Pero no podía contar con la suerte. El criado del redentor Picarbo había descubierto su cuerpo media hora antes del alba, y sus gritos histéricos habían despertado ya al Santuario entero, con todo lo grande que era, que en pocos minutos vivía un enorme revuelo. Rápidamente, habían hecho levantarse a los acólitos de todos los dormitorios para pasar lista, y habían descubierto que faltaban tres.

El redentor Brunt, que era el monje encargado de los perros, y tenía a su cargo capturar a los poquísimos acólitos que lograban fugarse, fue enviado de inmediato ante el redentor Bosco, y se le hizo pasar a sus aposentos, sin pérdida de tiempo, por primera vez en su vida.

—Quiero a los tres vivos, lo que implica que debéis hacer todo lo necesario para aseguraros de ello.

—Por supuesto, Padre Militante. Yo siempre...

—Ahorraos las explicaciones —interrumpió Bosco—. No os estoy pidiendo que hagáis nada, os lo estoy ordenando. Si mueren Kleist y Henri, pase. Sin embargo, a Thomas Cale no se le hará daño bajo ninguna circunstancia, o de lo contrario responderéis con vuestra propia vida.

—¿Puedo preguntar por qué, Padre?

—No.

—¿Qué les digo a los demás? No comprenderán nada, y la ira se ha apoderado de ellos.

Bosco comprendió lo que Brunt insinuaba. La santa ira podía apoderarse incluso del más obediente redentor cuando tenía delante a un acólito que había hecho algo tan inimaginable y horrible. Lanzó un suspiro de irritación.

—Podéis decirles que Cale está trabajando a mi servicio, y que se ha visto obligado a huir con esos asesinos mientras intentaba descubrir una terrible conspiración que incluye una trama de los antagonistas para asesinar al Supremo Pontífice. —Aquella era, pensó Bosco, una historia bastante lamentable, pero funcionó con Brunt, que al instante palideció horrorizado. Brunt se distinguía por su ciega brutalidad, que sobresalía incluso de lo que era normal entre los encargados de los perros. Pero era evidente la protección que brindaba el temor al Pontífice, un temor como el que inspira una madre a su hijo pequeño.

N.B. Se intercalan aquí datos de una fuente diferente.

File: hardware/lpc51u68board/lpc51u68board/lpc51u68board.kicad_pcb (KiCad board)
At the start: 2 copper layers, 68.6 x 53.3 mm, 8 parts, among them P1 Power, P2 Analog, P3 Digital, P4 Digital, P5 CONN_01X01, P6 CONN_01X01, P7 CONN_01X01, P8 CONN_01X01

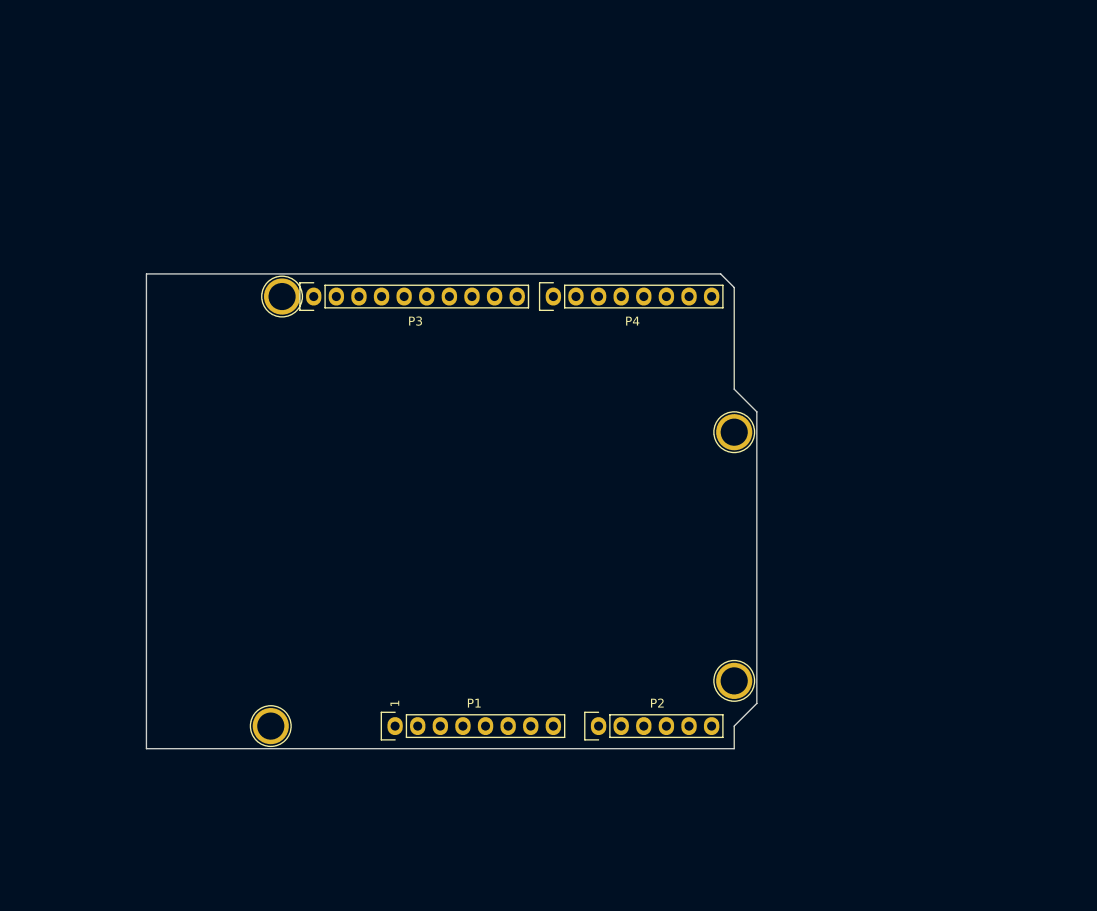
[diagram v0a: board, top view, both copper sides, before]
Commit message: NXP LPC51u68 layout I
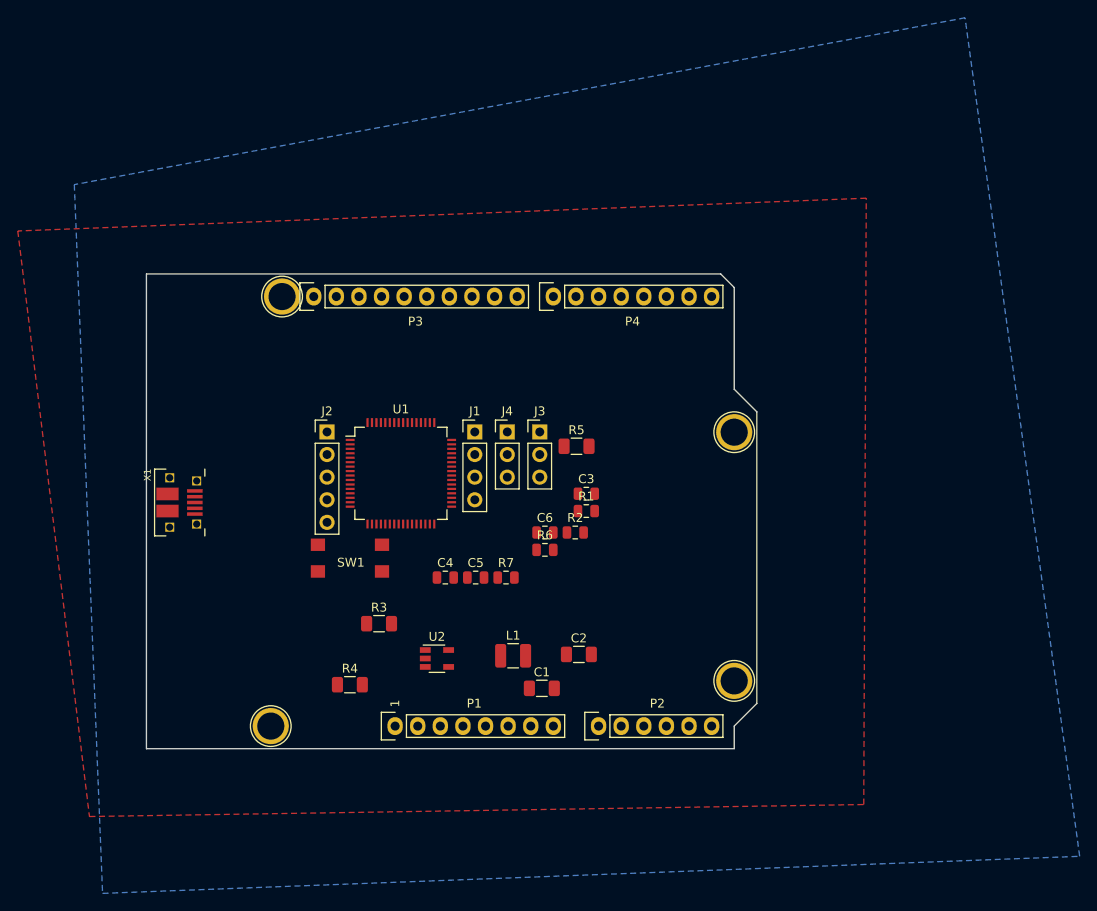
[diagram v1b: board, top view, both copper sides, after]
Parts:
- added C1: 4.7uF, Capacitor_SMD:C_1206_3216Metric, F.Cu at (155.4, 119.6)
- added C2: 10uF, Capacitor_SMD:C_1206_3216Metric, F.Cu at (159.6, 115.8)
- added C3: 0.1uF, Capacitor_SMD:C_0805_2012Metric, F.Cu at (160.4, 97.7)
- added C4: 0.1uF, Capacitor_SMD:C_0805_2012Metric, F.Cu at (144.6, 107.1)
- added C5: 0.1uF, Capacitor_SMD:C_0805_2012Metric, F.Cu at (148.0, 107.1)
- added C6: 0.1uF, Capacitor_SMD:C_0805_2012Metric, F.Cu at (155.8, 102.1)
- added J1: VBUS_Sel, Connector_PinHeader_2.54mm:PinHeader_1x04_P2.54mm_Vertical, F.Cu at (147.9, 90.8)
- added J2: Conn_01x05_Male, Connector_PinHeader_2.54mm:PinHeader_1x05_P2.54mm_Vertical, F.Cu at (131.3, 90.8)
- added J3: ISP0_Sel, Connector_PinHeader_2.54mm:PinHeader_1x03_P2.54mm_Vertical, F.Cu at (155.2, 90.8)
- added J4: ISP1_Sel, Connector_PinHeader_2.54mm:PinHeader_1x03_P2.54mm_Vertical, F.Cu at (151.5, 90.8)
- added L1: 2.2uH, Inductor_SMD:L_1210_3225Metric, F.Cu at (152.2, 115.9)
- added R1: 33 ohm, Resistor_SMD:R_0805_2012Metric, F.Cu at (160.4, 99.7)
- added R2: 33 ohm, Resistor_SMD:R_0805_2012Metric, F.Cu at (159.2, 102.1)
- added R3: 450kohm, Resistor_SMD:R_1206_3216Metric, F.Cu at (137.1, 112.3)
- added R4: 100kohm, Resistor_SMD:R_1206_3216Metric, F.Cu at (133.9, 119.2)
- added R5: 100kohm, Resistor_SMD:R_1206_3216Metric, F.Cu at (159.3, 92.4)
- added R6: 2.2kohm, Resistor_SMD:R_0805_2012Metric, F.Cu at (155.8, 104.0)
- added R7: 2.2kohm, Resistor_SMD:R_0805_2012Metric, F.Cu at (151.4, 107.1)
- added SW1: TL3305CF260QG, kifootp:TL3305-C, F.Cu at (133.9, 105.0)
- added U1: LPC51u68, Package_QFP:LQFP-64_10x10mm_P0.5mm, F.Cu at (139.6, 95.4)
- added U2: LTC3406ES5, Package_TO_SOT_SMD:TSOT-23-5, F.Cu at (143.6, 116.2)
- added X1: USBFCI_10103594, kifootp:FCI_10103594_MILL, F.Cu at (111.9, 98.7)
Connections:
- P1 pad 8: /Vin -> +5V
- P2 pad 5: /A4(SDA) -> /A4
- P2 pad 6: /A5(SCL) -> /A5
- P5 pad 1: Net-(P5-Pad1) -> GND
- P6 pad 1: Net-(P6-Pad1) -> GND
- P7 pad 1: Net-(P7-Pad1) -> GND
- P8 pad 1: Net-(P8-Pad1) -> GND
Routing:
- added copper zone on B.Cu, net GND
- added copper zone on F.Cu, net GND

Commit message: NXP LPC51u68 layout II
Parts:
- added R8: 100kohm, Resistor_SMD:R_1206_3216Metric, F.Cu at (117.6, 89.3)
- added R9: 100kohm, Resistor_SMD:R_1206_3216Metric, F.Cu at (115.5, 84.8)
- J2: value Conn_01x05_Male -> SWD
- moved R1 33.9 mm to (126.6, 99.8), turned to 180 degrees
- moved R2 33.0 mm to (126.5, 97.5), turned to 180 degrees
- moved C6 23.9 mm to (131.9, 101.9)
- moved R6 23.9 mm to (131.9, 103.9)
- moved J1 21.7 mm to (168.3, 98.0)
- moved C4 17.0 mm to (127.9, 110.6)
- moved C5 17.0 mm to (131.4, 110.6)
- moved R7 17.0 mm to (134.8, 110.6)
- moved SW1 17.0 mm to (117.2, 108.4)
- moved C3 13.0 mm to (169.3, 88.2)
- moved J3 13.0 mm to (164.1, 81.2)
- moved J4 13.0 mm to (160.4, 81.2)
- moved R5 13.0 mm to (168.2, 82.8)
- moved J2 10.7 mm to (122.8, 84.3)
- moved U1 8.25 mm to (147.1, 98.9), turned to 315 degrees
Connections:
- U1 pad 5: Net-(R2-Pad1) -> Net-(R1-Pad1)
- U1 pad 6: Net-(R1-Pad1) -> Net-(R2-Pad1)
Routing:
- net /13(SCK): track 0.00 -> 37.5 mm
- net /11(**/MOSI): track 0.00 -> 35.3 mm
- net /12(MISO): track 0.00 -> 34.4 mm
- net /10(**/SS): track 0.00 -> 25.4 mm, vias 0 -> 1
- net /A4(SDA): track 0.00 -> 24.3 mm
- net /A5(SCL): track 0.00 -> 23.3 mm
- net Net-(R1-Pad1): track 0.00 -> 20.4 mm
- net Net-(R2-Pad1): track 0.00 -> 19.1 mm
- net Net-(R1-Pad2): track 0.00 -> 9.52 mm
- net Net-(R2-Pad2): track 0.00 -> 8.49 mm
- net GND: vias 0 -> 3

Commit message: NXP LPC51u68 layout III
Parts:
- moved SW1 52.1 mm to (164.3, 86.1)
- moved J3 32.1 mm to (166.9, 113.2)
- moved R7 28.3 mm to (141.8, 83.2), turned to 180 degrees
- moved C5 20.4 mm to (151.5, 107.3)
- moved C3 19.7 mm to (149.6, 88.5)
- moved C2 19.0 mm to (141.0, 119.7)
- moved R6 18.3 mm to (135.5, 85.9), turned to 90 degrees
- moved L1 16.4 mm to (136.0, 118.7), turned to 90 degrees
- moved R4 15.0 mm to (147.4, 112.8)
- moved C4 13.1 mm to (139.8, 105.1)
- moved C6 11.7 mm to (139.3, 92.8), turned to 180 degrees
- moved J4 11.2 mm to (160.1, 92.5)
- moved C1 9.04 mm to (146.4, 119.7), turned to 180 degrees
- moved R5 8.45 mm to (165.2, 90.7)
- moved R3 4.24 mm to (141.3, 112.9)
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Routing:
- net +3V3: track 0.00 -> 205.2 mm, vias 0 -> 9
- net /Reset: track 0.00 -> 92.5 mm, vias 0 -> 7
- net +5V: track 0.00 -> 92.0 mm, vias 0 -> 3
- net /0(Rx): track 0.00 -> 56.8 mm
- net /1(Tx): track 0.00 -> 56.4 mm
- net /A2: track 0.00 -> 54.1 mm, vias 0 -> 3
- net /A3: track 0.00 -> 48.9 mm, vias 0 -> 3
- net /A4: track 0.00 -> 48.7 mm, vias 0 -> 3
- net /A1: track 0.00 -> 45.9 mm, vias 0 -> 3
- net /A0: track 0.00 -> 40.2 mm, vias 0 -> 1
- net Net-(J2-Pad2): track 0.00 -> 38.9 mm, vias 0 -> 1
- net Net-(J2-Pad1): track 0.00 -> 38.4 mm, vias 0 -> 1
- net Net-(J2-Pad3): track 0.00 -> 36.9 mm, vias 0 -> 1
- net /A5: track 0.00 -> 34.2 mm, vias 0 -> 3
- net Net-(J1-Pad4): track 0.00 -> 31.5 mm, vias 0 -> 1
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
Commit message: NXP LPC51u68 gerbers I
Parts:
- moved C6 3.15 mm to (136.1, 93.1)
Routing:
- net /A5: track 34.2 -> 49.3 mm
- net +5V: track 92.0 -> 102.0 mm
- net +3V3: track 205.2 -> 210.8 mm
- net GND: track 19.0 -> 23.5 mm, vias 73 -> 75
- net /0(Rx): track 56.8 -> 59.4 mm
- net Net-(J4-Pad3): track 13.3 -> 14.1 mm

No tardaron en encontrar la soga de pelo hecha por Cale. Se la dieron a oler a los Perros del Paraíso, y entonces se abrieron las grandes cancelas para dejar salir a una partida de caza que empezó a perseguir a Cale, que les sacaba menos de ocho kilómetros de ventaja. Aunque al menos en un aspecto importante su plan estaba teniendo éxito: a nadie se le ocurrió la posibilidad de que hubiera escapado tan solo uno de los tres acólitos, y por eso no se hizo registro alguno por el interior del Santuario. Por el momento, Henri el Impreciso, Kleist y la muchacha se encontraban a salvo. Suponiendo, claro está, que Cale mantuviera su promesa.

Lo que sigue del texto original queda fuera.